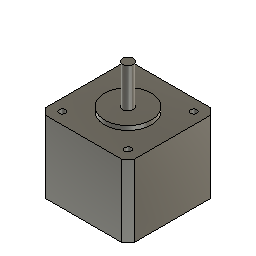
0616e7d9-f380-47b4-a429-0148fa68df5b (Autodesk Fusion 360 design; units mm, degrees)
Autodesk Fusion 360 part; units mm, degrees
sketch "Sketch1" plane through (0, 0, 0) normal (0, 0, 1) x (1, 0, 0)
  line L0 (21, 21) -> (-21, 21)
  line L1 (-21, 21) -> (-21, -21)
  line L2 (-21, -21) -> (21, -21)
  line L3 (21, -21) -> (21, 21)
  line L4 (21, 21) -> (-21, -21) construction
  line L5 (-21, 21) -> (21, -21) construction
  circle A0 centre (0, 0) radius 11
  circle A1 centre (0, 0) radius 2.5
  circle A2 centre (-15.5, 15.5) radius 1.5
  circle A3 centre (15.5, 15.5) radius 1.5
  circle A4 centre (15.5, -15.5) radius 1.5
  circle A5 centre (-15.5, -15.5) radius 1.5
  line L6 (-15.5, -15.5) -> (-15.5, 15.5) construction
  line L7 (15.5, 15.5) -> (-15.5, 15.5) construction
  line L8 (15.5, -15.5) -> (15.5, 15.5) construction
  line L9 (-15.5, -15.5) -> (15.5, -15.5) construction
  dimension "d1" = 42
  dimension "d2" = 42
  dimension "d3" = 22
  dimension "d4" = 5
  dimension "d12" = 3
  dimension "d13" = 3
  dimension "d14" = 3
  dimension "d15" = 3
  dimension "d16" = 31
  constraint horizontal L0
  constraint perpendicular L0 L1
  constraint parallel L0 L2
  constraint parallel L1 L3
  constraint coincident L4 A0.centre
  constraint coincident L5 A0.centre
  constraint coincident A0.centre A1.centre
  constraint coincident L5 A2.centre
  constraint coincident L4 A3.centre
  constraint coincident L5 A4.centre
  constraint coincident L4 A5.centre
  constraint coincident A5.centre L6.start
  constraint coincident A2.centre L6.end
  constraint coincident A3.centre L7.start
  constraint coincident A4.centre L8.start
  constraint vertical L6
  constraint horizontal L7
  constraint vertical L8
  measures "d1" distance of L1.end L2.end
  measures "d2" distance of L0.end L1.end
  measures "d3" diameter of A0
  measures "d4" diameter of A1
  measures "d12" diameter of A2
  measures "d13" diameter of A3
  measures "d14" diameter of A4
  measures "d15" diameter of A5
  measures "d16" vertical distance of A2.centre A5.centre
extrude "Extrude1" add sketch "Sketch1" against normal blind 34 contours L0 L1 L2 L3 | A0 | A1
extrude "Extrude2" add sketch "Sketch1" along normal blind 2 contours A0
extrude "Extrude3" add sketch "Sketch1" along normal blind 20.5 contours A1
chamfer "Chamfer1" distance 3 angle 45 4 edges at (21, -21, -17) (-21, -21, -17) (-21, 21, -17) (21, 21, -17)

- [Exercise details]
The response must contain exactly the lines from the one with "line L3 (21, -21) -> (21, 21)" through the last line of the material above, both ends included, and no others.

- [Output for this exercise]
  line L3 (21, -21) -> (21, 21)
  line L4 (21, 21) -> (-21, -21) construction
  line L5 (-21, 21) -> (21, -21) construction
  circle A0 centre (0, 0) radius 11
  circle A1 centre (0, 0) radius 2.5
  circle A2 centre (-15.5, 15.5) radius 1.5
  circle A3 centre (15.5, 15.5) radius 1.5
  circle A4 centre (15.5, -15.5) radius 1.5
  circle A5 centre (-15.5, -15.5) radius 1.5
  line L6 (-15.5, -15.5) -> (-15.5, 15.5) construction
  line L7 (15.5, 15.5) -> (-15.5, 15.5) construction
  line L8 (15.5, -15.5) -> (15.5, 15.5) construction
  line L9 (-15.5, -15.5) -> (15.5, -15.5) construction
  dimension "d1" = 42
  dimension "d2" = 42
  dimension "d3" = 22
  dimension "d4" = 5
  dimension "d12" = 3
  dimension "d13" = 3
  dimension "d14" = 3
  dimension "d15" = 3
  dimension "d16" = 31
  constraint horizontal L0
  constraint perpendicular L0 L1
  constraint parallel L0 L2
  constraint parallel L1 L3
  constraint coincident L4 A0.centre
  constraint coincident L5 A0.centre
  constraint coincident A0.centre A1.centre
  constraint coincident L5 A2.centre
  constraint coincident L4 A3.centre
  constraint coincident L5 A4.centre
  constraint coincident L4 A5.centre
  constraint coincident A5.centre L6.start
  constraint coincident A2.centre L6.end
  constraint coincident A3.centre L7.start
  constraint coincident A4.centre L8.start
  constraint vertical L6
  constraint horizontal L7
  constraint vertical L8
  measures "d1" distance of L1.end L2.end
  measures "d2" distance of L0.end L1.end
  measures "d3" diameter of A0
  measures "d4" diameter of A1
  measures "d12" diameter of A2
  measures "d13" diameter of A3
  measures "d14" diameter of A4
  measures "d15" diameter of A5
  measures "d16" vertical distance of A2.centre A5.centre
extrude "Extrude1" add sketch "Sketch1" against normal blind 34 contours L0 L1 L2 L3 | A0 | A1
extrude "Extrude2" add sketch "Sketch1" along normal blind 2 contours A0
extrude "Extrude3" add sketch "Sketch1" along normal blind 20.5 contours A1
chamfer "Chamfer1" distance 3 angle 45 4 edges at (21, -21, -17) (-21, -21, -17) (-21, 21, -17) (21, 21, -17)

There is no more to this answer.